(Data items)
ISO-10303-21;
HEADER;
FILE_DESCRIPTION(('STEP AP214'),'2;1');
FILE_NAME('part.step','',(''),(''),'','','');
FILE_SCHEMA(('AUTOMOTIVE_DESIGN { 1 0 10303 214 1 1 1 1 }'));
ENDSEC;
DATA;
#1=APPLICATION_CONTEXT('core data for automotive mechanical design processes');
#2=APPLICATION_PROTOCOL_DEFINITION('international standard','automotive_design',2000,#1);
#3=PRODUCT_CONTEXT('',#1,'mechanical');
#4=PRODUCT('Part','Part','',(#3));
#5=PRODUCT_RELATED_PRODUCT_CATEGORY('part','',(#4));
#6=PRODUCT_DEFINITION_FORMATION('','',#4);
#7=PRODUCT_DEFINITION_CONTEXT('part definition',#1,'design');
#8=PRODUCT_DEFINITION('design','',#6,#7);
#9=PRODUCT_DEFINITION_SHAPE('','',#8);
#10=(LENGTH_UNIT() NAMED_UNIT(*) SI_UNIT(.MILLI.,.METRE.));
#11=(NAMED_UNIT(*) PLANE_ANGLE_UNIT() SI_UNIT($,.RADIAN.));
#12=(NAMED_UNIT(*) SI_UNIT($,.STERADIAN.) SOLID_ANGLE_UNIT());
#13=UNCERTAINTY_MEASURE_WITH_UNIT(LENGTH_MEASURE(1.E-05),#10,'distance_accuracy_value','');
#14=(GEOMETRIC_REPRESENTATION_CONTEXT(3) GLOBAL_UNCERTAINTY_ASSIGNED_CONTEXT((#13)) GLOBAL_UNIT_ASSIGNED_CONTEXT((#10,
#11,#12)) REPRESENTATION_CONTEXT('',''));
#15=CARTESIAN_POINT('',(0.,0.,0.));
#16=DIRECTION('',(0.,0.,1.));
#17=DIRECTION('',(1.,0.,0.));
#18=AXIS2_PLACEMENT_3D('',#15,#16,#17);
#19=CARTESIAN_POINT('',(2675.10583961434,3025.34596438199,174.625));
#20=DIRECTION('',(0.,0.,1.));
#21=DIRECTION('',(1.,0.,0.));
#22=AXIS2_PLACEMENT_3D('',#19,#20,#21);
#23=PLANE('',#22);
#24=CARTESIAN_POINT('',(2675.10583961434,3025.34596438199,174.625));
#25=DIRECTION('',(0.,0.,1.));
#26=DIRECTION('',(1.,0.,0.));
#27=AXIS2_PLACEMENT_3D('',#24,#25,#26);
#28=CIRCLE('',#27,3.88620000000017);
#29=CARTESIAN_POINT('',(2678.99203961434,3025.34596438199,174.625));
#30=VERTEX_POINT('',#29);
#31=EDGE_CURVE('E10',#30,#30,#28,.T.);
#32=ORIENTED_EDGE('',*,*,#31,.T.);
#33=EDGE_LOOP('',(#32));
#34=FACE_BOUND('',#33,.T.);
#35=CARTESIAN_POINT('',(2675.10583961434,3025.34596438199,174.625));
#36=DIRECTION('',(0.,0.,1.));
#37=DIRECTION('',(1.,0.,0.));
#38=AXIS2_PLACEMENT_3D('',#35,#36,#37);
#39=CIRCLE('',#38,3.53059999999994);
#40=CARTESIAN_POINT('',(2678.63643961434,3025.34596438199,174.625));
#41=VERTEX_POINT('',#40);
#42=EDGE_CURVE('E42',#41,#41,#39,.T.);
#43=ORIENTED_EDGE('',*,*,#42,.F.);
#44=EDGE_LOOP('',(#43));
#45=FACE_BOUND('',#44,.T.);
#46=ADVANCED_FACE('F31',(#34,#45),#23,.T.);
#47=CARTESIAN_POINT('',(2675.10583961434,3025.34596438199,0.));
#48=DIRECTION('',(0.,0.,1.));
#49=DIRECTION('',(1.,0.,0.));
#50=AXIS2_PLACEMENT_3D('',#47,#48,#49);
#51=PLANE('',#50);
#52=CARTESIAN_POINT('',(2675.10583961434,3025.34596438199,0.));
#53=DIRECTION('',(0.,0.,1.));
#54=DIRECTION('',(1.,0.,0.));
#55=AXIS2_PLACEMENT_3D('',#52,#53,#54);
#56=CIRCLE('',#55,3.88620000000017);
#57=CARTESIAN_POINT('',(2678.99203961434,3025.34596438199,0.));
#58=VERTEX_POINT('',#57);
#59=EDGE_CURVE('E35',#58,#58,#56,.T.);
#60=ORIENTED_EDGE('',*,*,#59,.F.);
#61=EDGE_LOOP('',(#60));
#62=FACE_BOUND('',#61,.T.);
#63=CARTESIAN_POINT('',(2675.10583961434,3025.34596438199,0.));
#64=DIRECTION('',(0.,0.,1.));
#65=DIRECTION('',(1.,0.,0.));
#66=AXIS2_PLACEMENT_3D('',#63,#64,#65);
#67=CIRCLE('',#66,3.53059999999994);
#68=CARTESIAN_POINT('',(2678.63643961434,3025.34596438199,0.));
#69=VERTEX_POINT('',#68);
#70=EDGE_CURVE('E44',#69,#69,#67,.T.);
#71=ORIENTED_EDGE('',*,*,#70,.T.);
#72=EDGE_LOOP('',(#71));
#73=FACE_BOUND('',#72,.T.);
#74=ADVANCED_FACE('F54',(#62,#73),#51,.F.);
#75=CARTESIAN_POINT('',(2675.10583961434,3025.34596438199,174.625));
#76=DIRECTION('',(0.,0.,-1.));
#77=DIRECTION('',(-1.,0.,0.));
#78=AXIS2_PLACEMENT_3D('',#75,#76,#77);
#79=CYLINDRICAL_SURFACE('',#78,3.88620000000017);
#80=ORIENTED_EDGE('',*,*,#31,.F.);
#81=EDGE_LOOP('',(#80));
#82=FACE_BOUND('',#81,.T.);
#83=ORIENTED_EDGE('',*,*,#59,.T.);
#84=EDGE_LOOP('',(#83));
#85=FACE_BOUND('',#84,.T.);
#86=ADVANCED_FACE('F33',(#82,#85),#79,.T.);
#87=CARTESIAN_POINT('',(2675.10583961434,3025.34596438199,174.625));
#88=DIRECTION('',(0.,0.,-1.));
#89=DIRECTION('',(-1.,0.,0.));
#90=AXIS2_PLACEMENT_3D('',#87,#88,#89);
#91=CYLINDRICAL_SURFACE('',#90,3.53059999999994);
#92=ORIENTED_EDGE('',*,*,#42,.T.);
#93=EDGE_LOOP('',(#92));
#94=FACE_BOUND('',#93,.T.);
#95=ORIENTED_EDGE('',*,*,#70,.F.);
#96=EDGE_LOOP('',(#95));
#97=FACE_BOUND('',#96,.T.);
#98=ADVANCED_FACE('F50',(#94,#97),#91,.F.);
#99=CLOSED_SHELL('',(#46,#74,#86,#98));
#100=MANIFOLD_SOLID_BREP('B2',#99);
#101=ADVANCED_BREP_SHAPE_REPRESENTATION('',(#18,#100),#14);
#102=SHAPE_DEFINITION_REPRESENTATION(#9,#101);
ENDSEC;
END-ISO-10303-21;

> BRIEF
Each entry is to be output exactly as it was written.

> EXERCISE ANSWER
ISO-10303-21;
HEADER;
FILE_DESCRIPTION(('STEP AP214'),'2;1');
FILE_NAME('part.step','',(''),(''),'','','');
FILE_SCHEMA(('AUTOMOTIVE_DESIGN { 1 0 10303 214 1 1 1 1 }'));
ENDSEC;
DATA;
#1=APPLICATION_CONTEXT('core data for automotive mechanical design processes');
#2=APPLICATION_PROTOCOL_DEFINITION('international standard','automotive_design',2000,#1);
#3=PRODUCT_CONTEXT('',#1,'mechanical');
#4=PRODUCT('Part','Part','',(#3));
#5=PRODUCT_RELATED_PRODUCT_CATEGORY('part','',(#4));
#6=PRODUCT_DEFINITION_FORMATION('','',#4);
#7=PRODUCT_DEFINITION_CONTEXT('part definition',#1,'design');
#8=PRODUCT_DEFINITION('design','',#6,#7);
#9=PRODUCT_DEFINITION_SHAPE('','',#8);
#10=(LENGTH_UNIT() NAMED_UNIT(*) SI_UNIT(.MILLI.,.METRE.));
#11=(NAMED_UNIT(*) PLANE_ANGLE_UNIT() SI_UNIT($,.RADIAN.));
#12=(NAMED_UNIT(*) SI_UNIT($,.STERADIAN.) SOLID_ANGLE_UNIT());
#13=UNCERTAINTY_MEASURE_WITH_UNIT(LENGTH_MEASURE(1.E-05),#10,'distance_accuracy_value','');
#14=(GEOMETRIC_REPRESENTATION_CONTEXT(3) GLOBAL_UNCERTAINTY_ASSIGNED_CONTEXT((#13)) GLOBAL_UNIT_ASSIGNED_CONTEXT((#10,
#11,#12)) REPRESENTATION_CONTEXT('',''));
#15=CARTESIAN_POINT('',(0.,0.,0.));
#16=DIRECTION('',(0.,0.,1.));
#17=DIRECTION('',(1.,0.,0.));
#18=AXIS2_PLACEMENT_3D('',#15,#16,#17);
#19=CARTESIAN_POINT('',(2675.10583961434,3025.34596438199,174.625));
#20=DIRECTION('',(0.,0.,1.));
#21=DIRECTION('',(1.,0.,0.));
#22=AXIS2_PLACEMENT_3D('',#19,#20,#21);
#23=PLANE('',#22);
#24=CARTESIAN_POINT('',(2675.10583961434,3025.34596438199,174.625));
#25=DIRECTION('',(0.,0.,1.));
#26=DIRECTION('',(1.,0.,0.));
#27=AXIS2_PLACEMENT_3D('',#24,#25,#26);
#28=CIRCLE('',#27,3.88620000000017);
#29=CARTESIAN_POINT('',(2678.99203961434,3025.34596438199,174.625));
#30=VERTEX_POINT('',#29);
#31=EDGE_CURVE('E10',#30,#30,#28,.T.);
#32=ORIENTED_EDGE('',*,*,#31,.T.);
#33=EDGE_LOOP('',(#32));
#34=FACE_BOUND('',#33,.T.);
#35=CARTESIAN_POINT('',(2675.10583961434,3025.34596438199,174.625));
#36=DIRECTION('',(0.,0.,1.));
#37=DIRECTION('',(1.,0.,0.));
#38=AXIS2_PLACEMENT_3D('',#35,#36,#37);
#39=CIRCLE('',#38,3.53059999999994);
#40=CARTESIAN_POINT('',(2678.63643961434,3025.34596438199,174.625));
#41=VERTEX_POINT('',#40);
#42=EDGE_CURVE('E42',#41,#41,#39,.T.);
#43=ORIENTED_EDGE('',*,*,#42,.F.);
#44=EDGE_LOOP('',(#43));
#45=FACE_BOUND('',#44,.T.);
#46=ADVANCED_FACE('F31',(#34,#45),#23,.T.);
#47=CARTESIAN_POINT('',(2675.10583961434,3025.34596438199,0.));
#48=DIRECTION('',(0.,0.,1.));
#49=DIRECTION('',(1.,0.,0.));
#50=AXIS2_PLACEMENT_3D('',#47,#48,#49);
#51=PLANE('',#50);
#52=CARTESIAN_POINT('',(2675.10583961434,3025.34596438199,0.));
#53=DIRECTION('',(0.,0.,1.));
#54=DIRECTION('',(1.,0.,0.));
#55=AXIS2_PLACEMENT_3D('',#52,#53,#54);
#56=CIRCLE('',#55,3.88620000000017);
#57=CARTESIAN_POINT('',(2678.99203961434,3025.34596438199,0.));
#58=VERTEX_POINT('',#57);
#59=EDGE_CURVE('E35',#58,#58,#56,.T.);
#60=ORIENTED_EDGE('',*,*,#59,.F.);
#61=EDGE_LOOP('',(#60));
#62=FACE_BOUND('',#61,.T.);
#63=CARTESIAN_POINT('',(2675.10583961434,3025.34596438199,0.));
#64=DIRECTION('',(0.,0.,1.));
#65=DIRECTION('',(1.,0.,0.));
#66=AXIS2_PLACEMENT_3D('',#63,#64,#65);
#67=CIRCLE('',#66,3.53059999999994);
#68=CARTESIAN_POINT('',(2678.63643961434,3025.34596438199,0.));
#69=VERTEX_POINT('',#68);
#70=EDGE_CURVE('E44',#69,#69,#67,.T.);
#71=ORIENTED_EDGE('',*,*,#70,.T.);
#72=EDGE_LOOP('',(#71));
#73=FACE_BOUND('',#72,.T.);
#74=ADVANCED_FACE('F54',(#62,#73),#51,.F.);
#75=CARTESIAN_POINT('',(2675.10583961434,3025.34596438199,174.625));
#76=DIRECTION('',(0.,0.,-1.));
#77=DIRECTION('',(-1.,0.,0.));
#78=AXIS2_PLACEMENT_3D('',#75,#76,#77);
#79=CYLINDRICAL_SURFACE('',#78,3.88620000000017);
#80=ORIENTED_EDGE('',*,*,#31,.F.);
#81=EDGE_LOOP('',(#80));
#82=FACE_BOUND('',#81,.T.);
#83=ORIENTED_EDGE('',*,*,#59,.T.);
#84=EDGE_LOOP('',(#83));
#85=FACE_BOUND('',#84,.T.);
#86=ADVANCED_FACE('F33',(#82,#85),#79,.T.);
#87=CARTESIAN_POINT('',(2675.10583961434,3025.34596438199,174.625));
#88=DIRECTION('',(0.,0.,-1.));
#89=DIRECTION('',(-1.,0.,0.));
#90=AXIS2_PLACEMENT_3D('',#87,#88,#89);
#91=CYLINDRICAL_SURFACE('',#90,3.53059999999994);
#92=ORIENTED_EDGE('',*,*,#42,.T.);
#93=EDGE_LOOP('',(#92));
#94=FACE_BOUND('',#93,.T.);
#95=ORIENTED_EDGE('',*,*,#70,.F.);
#96=EDGE_LOOP('',(#95));
#97=FACE_BOUND('',#96,.T.);
#98=ADVANCED_FACE('F50',(#94,#97),#91,.F.);
#99=CLOSED_SHELL('',(#46,#74,#86,#98));
#100=MANIFOLD_SOLID_BREP('B2',#99);
#101=ADVANCED_BREP_SHAPE_REPRESENTATION('',(#18,#100),#14);
#102=SHAPE_DEFINITION_REPRESENTATION(#9,#101);
ENDSEC;
END-ISO-10303-21;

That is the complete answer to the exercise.